# WHAT IS EXPECTED
Once you find a line containing the word "VECTOR" in the entries below, copy it.

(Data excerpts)
────────────────

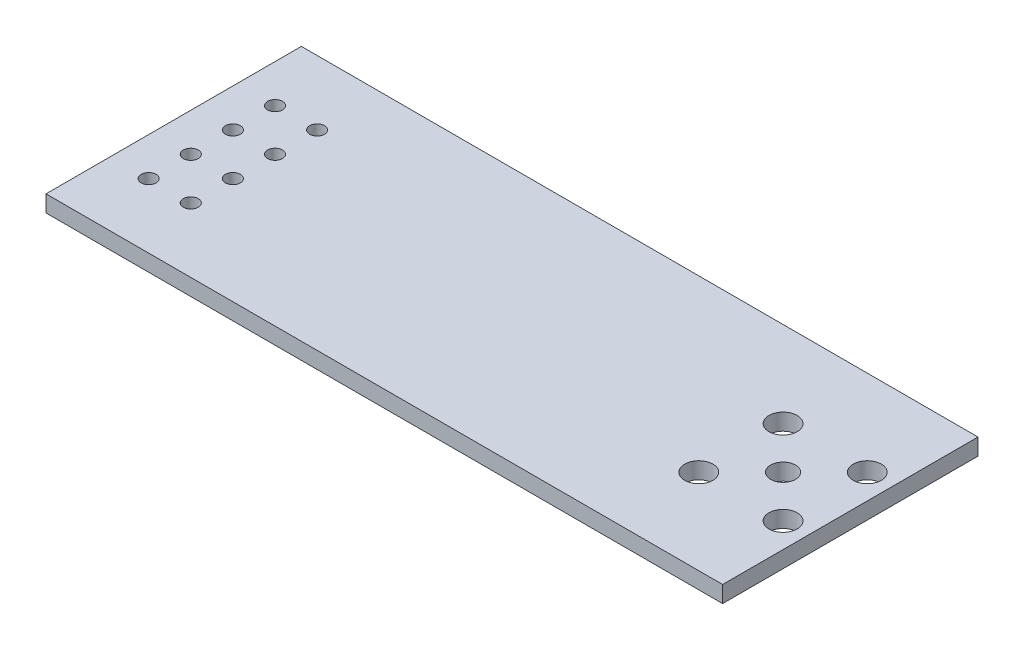
ISO-10303-21;
HEADER;
FILE_DESCRIPTION(('STEP AP214'),'2;1');
FILE_NAME('part.step','',(''),(''),'','','');
FILE_SCHEMA(('AUTOMOTIVE_DESIGN { 1 0 10303 214 1 1 1 1 }'));
ENDSEC;
DATA;
#1=APPLICATION_CONTEXT('core data for automotive mechanical design processes');
#2=APPLICATION_PROTOCOL_DEFINITION('international standard','automotive_design',2000,#1);
#3=PRODUCT_CONTEXT('',#1,'mechanical');
#4=PRODUCT('Part','Part','',(#3));
#5=PRODUCT_RELATED_PRODUCT_CATEGORY('part','',(#4));
#6=PRODUCT_DEFINITION_FORMATION('','',#4);
#7=PRODUCT_DEFINITION_CONTEXT('part definition',#1,'design');
#8=PRODUCT_DEFINITION('design','',#6,#7);
#9=PRODUCT_DEFINITION_SHAPE('','',#8);
#10=(LENGTH_UNIT() NAMED_UNIT(*) SI_UNIT(.MILLI.,.METRE.));
#11=(NAMED_UNIT(*) PLANE_ANGLE_UNIT() SI_UNIT($,.RADIAN.));
#12=(NAMED_UNIT(*) SI_UNIT($,.STERADIAN.) SOLID_ANGLE_UNIT());
#13=UNCERTAINTY_MEASURE_WITH_UNIT(LENGTH_MEASURE(1.E-05),#10,'distance_accuracy_value','');
#14=(GEOMETRIC_REPRESENTATION_CONTEXT(3) GLOBAL_UNCERTAINTY_ASSIGNED_CONTEXT((#13)) GLOBAL_UNIT_ASSIGNED_CONTEXT((#10,
#11,#12)) REPRESENTATION_CONTEXT('',''));
#15=CARTESIAN_POINT('',(0.,0.,0.));
#16=DIRECTION('',(0.,0.,1.));
#17=DIRECTION('',(1.,0.,0.));
#18=AXIS2_PLACEMENT_3D('',#15,#16,#17);
#19=CARTESIAN_POINT('',(0.,1.,0.));
#20=DIRECTION('',(0.,-1.,0.));
#21=DIRECTION('',(0.,0.,-1.));
#22=AXIS2_PLACEMENT_3D('',#19,#20,#21);
#23=PLANE('',#22);
#24=DIRECTION('',(0.,0.,1.));
#25=VECTOR('',#24,1.);
#26=CARTESIAN_POINT('',(0.,1.,0.));
#27=LINE('',#26,#25);
#28=CARTESIAN_POINT('',(0.,1.,-15.4));
#29=VERTEX_POINT('',#28);
#30=CARTESIAN_POINT('',(0.,1.,0.));
#31=VERTEX_POINT('',#30);
#32=EDGE_CURVE('E90',#29,#31,#27,.T.);
#33=ORIENTED_EDGE('',*,*,#32,.T.);
#34=DIRECTION('',(1.,0.,0.));
#35=VECTOR('',#34,1.);
#36=CARTESIAN_POINT('',(0.,1.,0.));
#37=LINE('',#36,#35);
#38=CARTESIAN_POINT('',(40.8,1.,0.));
#39=VERTEX_POINT('',#38);
#40=EDGE_CURVE('E85',#31,#39,#37,.T.);
#41=ORIENTED_EDGE('',*,*,#40,.T.);
#42=DIRECTION('',(0.,0.,-1.));
#43=VECTOR('',#42,1.);
#44=CARTESIAN_POINT('',(40.8,1.,0.));
#45=LINE('',#44,#43);
#46=CARTESIAN_POINT('',(40.8,1.,-15.4));
#47=VERTEX_POINT('',#46);
#48=EDGE_CURVE('E88',#39,#47,#45,.T.);
#49=ORIENTED_EDGE('',*,*,#48,.T.);
#50=DIRECTION('',(-1.,0.,0.));
#51=VECTOR('',#50,1.);
#52=CARTESIAN_POINT('',(0.,1.,-15.4));
#53=LINE('',#52,#51);
#54=EDGE_CURVE('E55',#47,#29,#53,.T.);
#55=ORIENTED_EDGE('',*,*,#54,.T.);
#56=EDGE_LOOP('',(#33,#41,#49,#55));
#57=FACE_BOUND('',#56,.T.);
#58=CARTESIAN_POINT('',(2.29999234116474,1.,-3.89));
#59=DIRECTION('',(0.,1.,0.));
#60=DIRECTION('',(0.,0.,1.));
#61=AXIS2_PLACEMENT_3D('',#58,#59,#60);
#62=CIRCLE('',#61,0.45);
#63=CARTESIAN_POINT('',(2.29999234116474,1.,-3.44));
#64=VERTEX_POINT('',#63);
#65=EDGE_CURVE('E105',#64,#64,#62,.T.);
#66=ORIENTED_EDGE('',*,*,#65,.F.);
#67=EDGE_LOOP('',(#66));
#68=FACE_BOUND('',#67,.T.);
#69=CARTESIAN_POINT('',(2.29999392821584,1.,-6.43000000000198));
#70=DIRECTION('',(0.,1.,0.));
#71=DIRECTION('',(0.,0.,1.));
#72=AXIS2_PLACEMENT_3D('',#69,#70,#71);
#73=CIRCLE('',#72,0.45);
#74=CARTESIAN_POINT('',(2.29999392821584,1.,-5.98000000000198));
#75=VERTEX_POINT('',#74);
#76=EDGE_CURVE('E120',#75,#75,#73,.T.);
#77=ORIENTED_EDGE('',*,*,#76,.F.);
#78=EDGE_LOOP('',(#77));
#79=FACE_BOUND('',#78,.T.);
#80=CARTESIAN_POINT('',(2.29999551526694,1.,-8.97000000000396));
#81=DIRECTION('',(0.,1.,0.));
#82=DIRECTION('',(0.,0.,1.));
#83=AXIS2_PLACEMENT_3D('',#80,#81,#82);
#84=CIRCLE('',#83,0.449999999998743);
#85=CARTESIAN_POINT('',(2.29999551526694,1.,-8.52000000000521));
#86=VERTEX_POINT('',#85);
#87=EDGE_CURVE('E126',#86,#86,#84,.T.);
#88=ORIENTED_EDGE('',*,*,#87,.F.);
#89=EDGE_LOOP('',(#88));
#90=FACE_BOUND('',#89,.T.);
#91=CARTESIAN_POINT('',(2.3,1.,-11.51));
#92=DIRECTION('',(0.,1.,0.));
#93=DIRECTION('',(0.,0.,1.));
#94=AXIS2_PLACEMENT_3D('',#91,#92,#93);
#95=CIRCLE('',#94,0.45);
#96=CARTESIAN_POINT('',(2.3,1.,-11.06));
#97=VERTEX_POINT('',#96);
#98=EDGE_CURVE('E132',#97,#97,#95,.T.);
#99=ORIENTED_EDGE('',*,*,#98,.F.);
#100=EDGE_LOOP('',(#99));
#101=FACE_BOUND('',#100,.T.);
#102=CARTESIAN_POINT('',(4.83999234116474,1.,-3.89));
#103=DIRECTION('',(0.,1.,0.));
#104=DIRECTION('',(0.,0.,1.));
#105=AXIS2_PLACEMENT_3D('',#102,#103,#104);
#106=CIRCLE('',#105,0.45);
#107=CARTESIAN_POINT('',(4.83999234116474,1.,-3.44));
#108=VERTEX_POINT('',#107);
#109=EDGE_CURVE('E138',#108,#108,#106,.T.);
#110=ORIENTED_EDGE('',*,*,#109,.F.);
#111=EDGE_LOOP('',(#110));
#112=FACE_BOUND('',#111,.T.);
#113=CARTESIAN_POINT('',(4.83999234116474,1.,-6.43));
#114=DIRECTION('',(0.,1.,0.));
#115=DIRECTION('',(0.,0.,1.));
#116=AXIS2_PLACEMENT_3D('',#113,#114,#115);
#117=CIRCLE('',#116,0.45);
#118=CARTESIAN_POINT('',(4.83999234116474,1.,-5.98));
#119=VERTEX_POINT('',#118);
#120=EDGE_CURVE('E144',#119,#119,#117,.T.);
#121=ORIENTED_EDGE('',*,*,#120,.F.);
#122=EDGE_LOOP('',(#121));
#123=FACE_BOUND('',#122,.T.);
#124=CARTESIAN_POINT('',(4.83999234116474,1.,-8.97));
#125=DIRECTION('',(0.,1.,0.));
#126=DIRECTION('',(0.,0.,1.));
#127=AXIS2_PLACEMENT_3D('',#124,#125,#126);
#128=CIRCLE('',#127,0.450000000000002);
#129=CARTESIAN_POINT('',(4.83999234116474,1.,-8.52));
#130=VERTEX_POINT('',#129);
#131=EDGE_CURVE('E150',#130,#130,#128,.T.);
#132=ORIENTED_EDGE('',*,*,#131,.F.);
#133=EDGE_LOOP('',(#132));
#134=FACE_BOUND('',#133,.T.);
#135=CARTESIAN_POINT('',(4.83999234116474,1.,-11.51));
#136=DIRECTION('',(0.,1.,0.));
#137=DIRECTION('',(0.,0.,1.));
#138=AXIS2_PLACEMENT_3D('',#135,#136,#137);
#139=CIRCLE('',#138,0.450000000000002);
#140=CARTESIAN_POINT('',(4.83999234116474,1.,-11.06));
#141=VERTEX_POINT('',#140);
#142=EDGE_CURVE('E156',#141,#141,#139,.T.);
#143=ORIENTED_EDGE('',*,*,#142,.F.);
#144=EDGE_LOOP('',(#143));
#145=FACE_BOUND('',#144,.T.);
#146=CARTESIAN_POINT('',(34.22,1.,-10.2243668977098));
#147=DIRECTION('',(0.,1.,0.));
#148=DIRECTION('',(0.,0.,1.));
#149=AXIS2_PLACEMENT_3D('',#146,#147,#148);
#150=CIRCLE('',#149,0.849999999999999);
#151=CARTESIAN_POINT('',(34.22,1.,-9.37436689770982));
#152=VERTEX_POINT('',#151);
#153=EDGE_CURVE('E162',#152,#152,#150,.T.);
#154=ORIENTED_EDGE('',*,*,#153,.F.);
#155=EDGE_LOOP('',(#154));
#156=FACE_BOUND('',#155,.T.);
#157=CARTESIAN_POINT('',(34.22,1.,-5.14436689770982));
#158=DIRECTION('',(0.,1.,0.));
#159=DIRECTION('',(0.,0.,1.));
#160=AXIS2_PLACEMENT_3D('',#157,#158,#159);
#161=CIRCLE('',#160,0.85);
#162=CARTESIAN_POINT('',(34.22,1.,-4.29436689770982));
#163=VERTEX_POINT('',#162);
#164=EDGE_CURVE('E168',#163,#163,#161,.T.);
#165=ORIENTED_EDGE('',*,*,#164,.F.);
#166=EDGE_LOOP('',(#165));
#167=FACE_BOUND('',#166,.T.);
#168=CARTESIAN_POINT('',(39.3,1.,-5.14436689770982));
#169=DIRECTION('',(0.,1.,0.));
#170=DIRECTION('',(0.,0.,1.));
#171=AXIS2_PLACEMENT_3D('',#168,#169,#170);
#172=CIRCLE('',#171,0.85);
#173=CARTESIAN_POINT('',(39.3,1.,-4.29436689770982));
#174=VERTEX_POINT('',#173);
#175=EDGE_CURVE('E174',#174,#174,#172,.T.);
#176=ORIENTED_EDGE('',*,*,#175,.F.);
#177=EDGE_LOOP('',(#176));
#178=FACE_BOUND('',#177,.T.);
#179=CARTESIAN_POINT('',(39.3,1.,-10.2243668977098));
#180=DIRECTION('',(0.,1.,0.));
#181=DIRECTION('',(0.,0.,1.));
#182=AXIS2_PLACEMENT_3D('',#179,#180,#181);
#183=CIRCLE('',#182,0.849999999999999);
#184=CARTESIAN_POINT('',(39.3,1.,-9.37436689770982));
#185=VERTEX_POINT('',#184);
#186=EDGE_CURVE('E180',#185,#185,#183,.T.);
#187=ORIENTED_EDGE('',*,*,#186,.F.);
#188=EDGE_LOOP('',(#187));
#189=FACE_BOUND('',#188,.T.);
#190=CARTESIAN_POINT('',(36.76,1.,-7.68436689770982));
#191=DIRECTION('',(0.,1.,0.));
#192=DIRECTION('',(0.,0.,1.));
#193=AXIS2_PLACEMENT_3D('',#190,#191,#192);
#194=CIRCLE('',#193,0.749999999999999);
#195=CARTESIAN_POINT('',(36.76,1.,-6.93436689770982));
#196=VERTEX_POINT('',#195);
#197=EDGE_CURVE('E186',#196,#196,#194,.T.);
#198=ORIENTED_EDGE('',*,*,#197,.F.);
#199=EDGE_LOOP('',(#198));
#200=FACE_BOUND('',#199,.T.);
#201=ADVANCED_FACE('F38',(#57,#68,#79,#90,#101,#112,#123,#134,#145,#156,#167,#178,#189,#200),
#23,.F.);
#202=CARTESIAN_POINT('',(0.,0.,0.));
#203=DIRECTION('',(0.,-1.,0.));
#204=DIRECTION('',(0.,0.,-1.));
#205=AXIS2_PLACEMENT_3D('',#202,#203,#204);
#206=PLANE('',#205);
#207=CARTESIAN_POINT('',(39.3,0.,-10.2243668977098));
#208=DIRECTION('',(0.,1.,0.));
#209=DIRECTION('',(0.,0.,1.));
#210=AXIS2_PLACEMENT_3D('',#207,#208,#209);
#211=CIRCLE('',#210,0.849999999999999);
#212=CARTESIAN_POINT('',(39.3,0.,-9.37436689770982));
#213=VERTEX_POINT('',#212);
#214=EDGE_CURVE('E183',#213,#213,#211,.T.);
#215=ORIENTED_EDGE('',*,*,#214,.T.);
#216=EDGE_LOOP('',(#215));
#217=FACE_BOUND('',#216,.T.);
#218=CARTESIAN_POINT('',(34.22,0.,-5.14436689770982));
#219=DIRECTION('',(0.,1.,0.));
#220=DIRECTION('',(0.,0.,1.));
#221=AXIS2_PLACEMENT_3D('',#218,#219,#220);
#222=CIRCLE('',#221,0.85);
#223=CARTESIAN_POINT('',(34.22,0.,-4.29436689770982));
#224=VERTEX_POINT('',#223);
#225=EDGE_CURVE('E171',#224,#224,#222,.T.);
#226=ORIENTED_EDGE('',*,*,#225,.T.);
#227=EDGE_LOOP('',(#226));
#228=FACE_BOUND('',#227,.T.);
#229=CARTESIAN_POINT('',(4.83999234116474,0.,-11.51));
#230=DIRECTION('',(0.,1.,0.));
#231=DIRECTION('',(0.,0.,1.));
#232=AXIS2_PLACEMENT_3D('',#229,#230,#231);
#233=CIRCLE('',#232,0.450000000000002);
#234=CARTESIAN_POINT('',(4.83999234116474,0.,-11.06));
#235=VERTEX_POINT('',#234);
#236=EDGE_CURVE('E159',#235,#235,#233,.T.);
#237=ORIENTED_EDGE('',*,*,#236,.T.);
#238=EDGE_LOOP('',(#237));
#239=FACE_BOUND('',#238,.T.);
#240=CARTESIAN_POINT('',(4.83999234116474,0.,-6.43));
#241=DIRECTION('',(0.,1.,0.));
#242=DIRECTION('',(0.,0.,1.));
#243=AXIS2_PLACEMENT_3D('',#240,#241,#242);
#244=CIRCLE('',#243,0.45);
#245=CARTESIAN_POINT('',(4.83999234116474,0.,-5.98));
#246=VERTEX_POINT('',#245);
#247=EDGE_CURVE('E147',#246,#246,#244,.T.);
#248=ORIENTED_EDGE('',*,*,#247,.T.);
#249=EDGE_LOOP('',(#248));
#250=FACE_BOUND('',#249,.T.);
#251=CARTESIAN_POINT('',(2.3,0.,-11.51));
#252=DIRECTION('',(0.,1.,0.));
#253=DIRECTION('',(0.,0.,1.));
#254=AXIS2_PLACEMENT_3D('',#251,#252,#253);
#255=CIRCLE('',#254,0.45);
#256=CARTESIAN_POINT('',(2.3,0.,-11.06));
#257=VERTEX_POINT('',#256);
#258=EDGE_CURVE('E135',#257,#257,#255,.T.);
#259=ORIENTED_EDGE('',*,*,#258,.T.);
#260=EDGE_LOOP('',(#259));
#261=FACE_BOUND('',#260,.T.);
#262=CARTESIAN_POINT('',(2.29999392821584,0.,-6.43000000000198));
#263=DIRECTION('',(0.,1.,0.));
#264=DIRECTION('',(0.,0.,1.));
#265=AXIS2_PLACEMENT_3D('',#262,#263,#264);
#266=CIRCLE('',#265,0.45);
#267=CARTESIAN_POINT('',(2.29999392821584,0.,-5.98000000000198));
#268=VERTEX_POINT('',#267);
#269=EDGE_CURVE('E123',#268,#268,#266,.T.);
#270=ORIENTED_EDGE('',*,*,#269,.T.);
#271=EDGE_LOOP('',(#270));
#272=FACE_BOUND('',#271,.T.);
#273=DIRECTION('',(0.,0.,1.));
#274=VECTOR('',#273,1.);
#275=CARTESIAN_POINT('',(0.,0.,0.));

────────────────

# ANSWER SPACE
#25=VECTOR('',#24,1.);
#35=VECTOR('',#34,1.);
#43=VECTOR('',#42,1.);
#51=VECTOR('',#50,1.);
#274=VECTOR('',#273,1.);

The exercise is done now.